═══ Records to process ═══

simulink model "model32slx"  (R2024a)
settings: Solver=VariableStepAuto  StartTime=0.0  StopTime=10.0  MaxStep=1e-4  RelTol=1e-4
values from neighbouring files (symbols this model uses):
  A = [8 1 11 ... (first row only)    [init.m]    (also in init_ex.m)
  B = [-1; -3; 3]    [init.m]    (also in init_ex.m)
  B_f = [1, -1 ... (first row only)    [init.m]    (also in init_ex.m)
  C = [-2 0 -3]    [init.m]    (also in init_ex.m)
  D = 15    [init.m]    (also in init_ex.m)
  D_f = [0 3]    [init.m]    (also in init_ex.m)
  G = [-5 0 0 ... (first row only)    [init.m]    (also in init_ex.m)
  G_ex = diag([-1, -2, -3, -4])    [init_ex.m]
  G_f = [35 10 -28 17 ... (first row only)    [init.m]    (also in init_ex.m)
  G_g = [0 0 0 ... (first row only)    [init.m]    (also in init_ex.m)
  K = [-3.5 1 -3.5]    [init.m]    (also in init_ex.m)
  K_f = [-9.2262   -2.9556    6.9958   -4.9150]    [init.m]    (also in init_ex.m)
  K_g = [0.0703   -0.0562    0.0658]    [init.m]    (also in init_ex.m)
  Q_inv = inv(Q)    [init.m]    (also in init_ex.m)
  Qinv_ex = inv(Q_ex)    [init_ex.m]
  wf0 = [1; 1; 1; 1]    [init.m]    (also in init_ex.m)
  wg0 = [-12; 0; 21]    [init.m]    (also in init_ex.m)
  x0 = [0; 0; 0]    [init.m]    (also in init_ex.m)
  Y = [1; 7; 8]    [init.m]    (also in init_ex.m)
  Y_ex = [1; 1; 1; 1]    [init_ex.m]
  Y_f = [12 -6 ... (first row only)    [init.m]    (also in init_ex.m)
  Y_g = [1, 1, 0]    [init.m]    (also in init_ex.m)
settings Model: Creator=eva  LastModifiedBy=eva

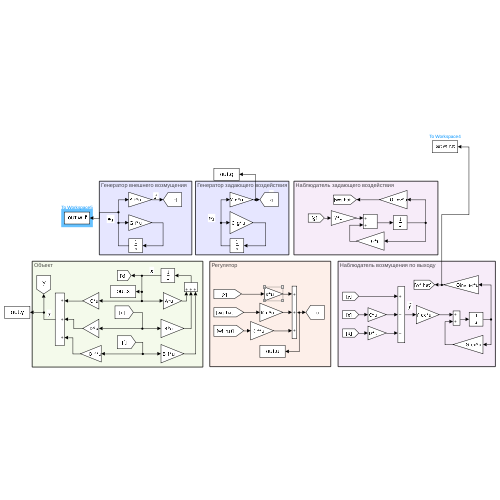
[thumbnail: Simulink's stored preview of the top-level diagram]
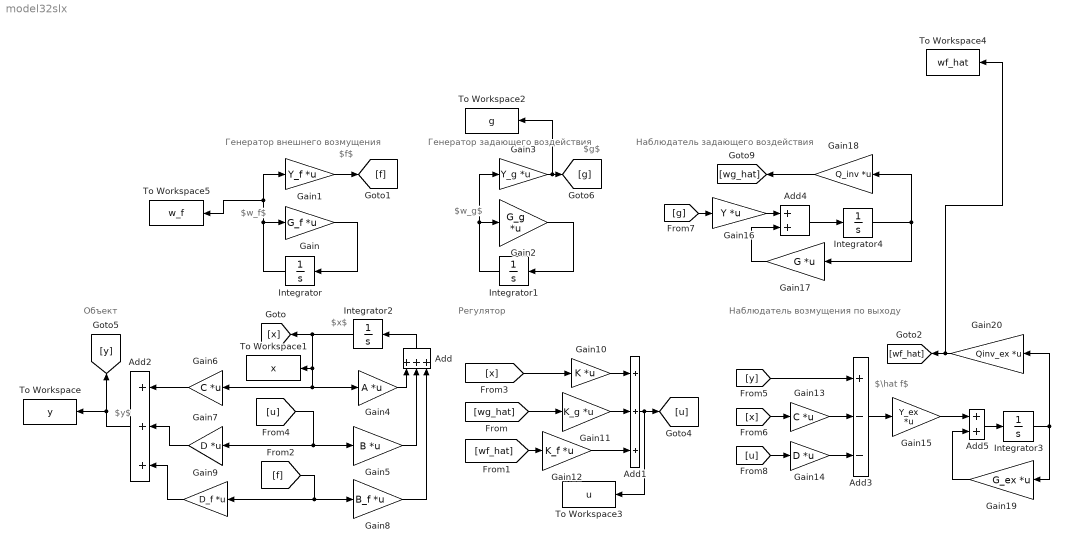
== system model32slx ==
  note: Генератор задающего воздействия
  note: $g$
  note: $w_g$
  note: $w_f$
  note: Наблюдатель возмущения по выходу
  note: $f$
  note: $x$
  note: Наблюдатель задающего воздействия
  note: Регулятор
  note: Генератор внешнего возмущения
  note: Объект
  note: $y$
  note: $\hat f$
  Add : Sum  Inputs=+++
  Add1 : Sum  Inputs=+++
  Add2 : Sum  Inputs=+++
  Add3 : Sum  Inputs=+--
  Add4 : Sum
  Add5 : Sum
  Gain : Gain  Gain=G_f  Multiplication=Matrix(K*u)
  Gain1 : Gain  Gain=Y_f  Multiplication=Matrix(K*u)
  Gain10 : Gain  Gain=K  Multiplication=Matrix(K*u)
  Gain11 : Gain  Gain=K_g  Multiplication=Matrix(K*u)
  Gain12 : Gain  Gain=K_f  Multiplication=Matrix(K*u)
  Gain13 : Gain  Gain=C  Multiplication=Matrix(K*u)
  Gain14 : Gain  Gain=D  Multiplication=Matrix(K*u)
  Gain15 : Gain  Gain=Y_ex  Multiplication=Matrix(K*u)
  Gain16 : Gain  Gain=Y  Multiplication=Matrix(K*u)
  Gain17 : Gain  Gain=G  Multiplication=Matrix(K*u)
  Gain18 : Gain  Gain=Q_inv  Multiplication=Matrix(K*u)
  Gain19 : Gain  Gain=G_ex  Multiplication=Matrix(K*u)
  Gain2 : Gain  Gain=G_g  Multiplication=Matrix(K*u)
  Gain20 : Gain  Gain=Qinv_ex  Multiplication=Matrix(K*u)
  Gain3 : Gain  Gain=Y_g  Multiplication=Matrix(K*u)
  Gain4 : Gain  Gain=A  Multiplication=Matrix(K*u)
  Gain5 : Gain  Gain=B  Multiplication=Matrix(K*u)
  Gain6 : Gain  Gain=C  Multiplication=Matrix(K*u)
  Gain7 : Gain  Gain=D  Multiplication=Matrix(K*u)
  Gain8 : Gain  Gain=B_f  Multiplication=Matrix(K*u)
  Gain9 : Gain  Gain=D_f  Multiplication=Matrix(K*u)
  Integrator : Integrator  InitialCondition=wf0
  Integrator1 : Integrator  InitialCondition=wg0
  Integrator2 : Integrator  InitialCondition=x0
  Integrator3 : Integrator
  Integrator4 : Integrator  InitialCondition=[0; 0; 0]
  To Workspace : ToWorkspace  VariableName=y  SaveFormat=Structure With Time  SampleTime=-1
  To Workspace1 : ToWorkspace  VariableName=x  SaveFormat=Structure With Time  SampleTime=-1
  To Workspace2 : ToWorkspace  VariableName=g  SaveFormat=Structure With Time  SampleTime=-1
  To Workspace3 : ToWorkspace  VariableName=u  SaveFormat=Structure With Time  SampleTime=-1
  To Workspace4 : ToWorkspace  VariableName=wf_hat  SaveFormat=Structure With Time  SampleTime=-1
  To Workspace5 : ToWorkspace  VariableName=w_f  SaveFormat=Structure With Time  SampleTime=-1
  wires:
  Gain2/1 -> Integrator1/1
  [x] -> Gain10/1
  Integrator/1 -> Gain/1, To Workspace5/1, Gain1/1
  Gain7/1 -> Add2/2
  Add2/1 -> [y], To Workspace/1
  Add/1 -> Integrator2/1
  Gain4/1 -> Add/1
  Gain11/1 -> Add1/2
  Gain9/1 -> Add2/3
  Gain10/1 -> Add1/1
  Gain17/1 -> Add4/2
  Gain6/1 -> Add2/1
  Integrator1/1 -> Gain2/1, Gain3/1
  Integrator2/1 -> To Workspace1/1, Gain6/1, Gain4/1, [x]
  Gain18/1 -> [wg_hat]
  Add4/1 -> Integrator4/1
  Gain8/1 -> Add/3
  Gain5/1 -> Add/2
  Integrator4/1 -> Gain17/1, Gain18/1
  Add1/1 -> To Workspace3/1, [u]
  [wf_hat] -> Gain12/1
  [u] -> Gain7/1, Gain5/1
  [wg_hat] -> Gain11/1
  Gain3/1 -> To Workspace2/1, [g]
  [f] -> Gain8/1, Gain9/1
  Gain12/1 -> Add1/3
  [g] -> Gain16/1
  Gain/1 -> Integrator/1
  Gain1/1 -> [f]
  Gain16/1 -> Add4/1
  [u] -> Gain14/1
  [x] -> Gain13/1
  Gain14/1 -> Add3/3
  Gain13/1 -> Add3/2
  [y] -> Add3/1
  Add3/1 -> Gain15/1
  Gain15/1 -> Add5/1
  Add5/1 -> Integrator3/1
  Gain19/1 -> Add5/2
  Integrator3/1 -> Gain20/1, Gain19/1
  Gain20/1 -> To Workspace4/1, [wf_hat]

═══

### Activity
Reproduce exactly the lines above from the line with "note: Наблюдатель задающего воздействия" to the line with "Gain13 : Gain", including both, and add nothing.

### Response area
  note: Наблюдатель задающего воздействия
  note: Регулятор
  note: Генератор внешнего возмущения
  note: Объект
  note: $y$
  note: $\hat f$
  Add : Sum  Inputs=+++
  Add1 : Sum  Inputs=+++
  Add2 : Sum  Inputs=+++
  Add3 : Sum  Inputs=+--
  Add4 : Sum
  Add5 : Sum
  Gain : Gain  Gain=G_f  Multiplication=Matrix(K*u)
  Gain1 : Gain  Gain=Y_f  Multiplication=Matrix(K*u)
  Gain10 : Gain  Gain=K  Multiplication=Matrix(K*u)
  Gain11 : Gain  Gain=K_g  Multiplication=Matrix(K*u)
  Gain12 : Gain  Gain=K_f  Multiplication=Matrix(K*u)
  Gain13 : Gain  Gain=C  Multiplication=Matrix(K*u)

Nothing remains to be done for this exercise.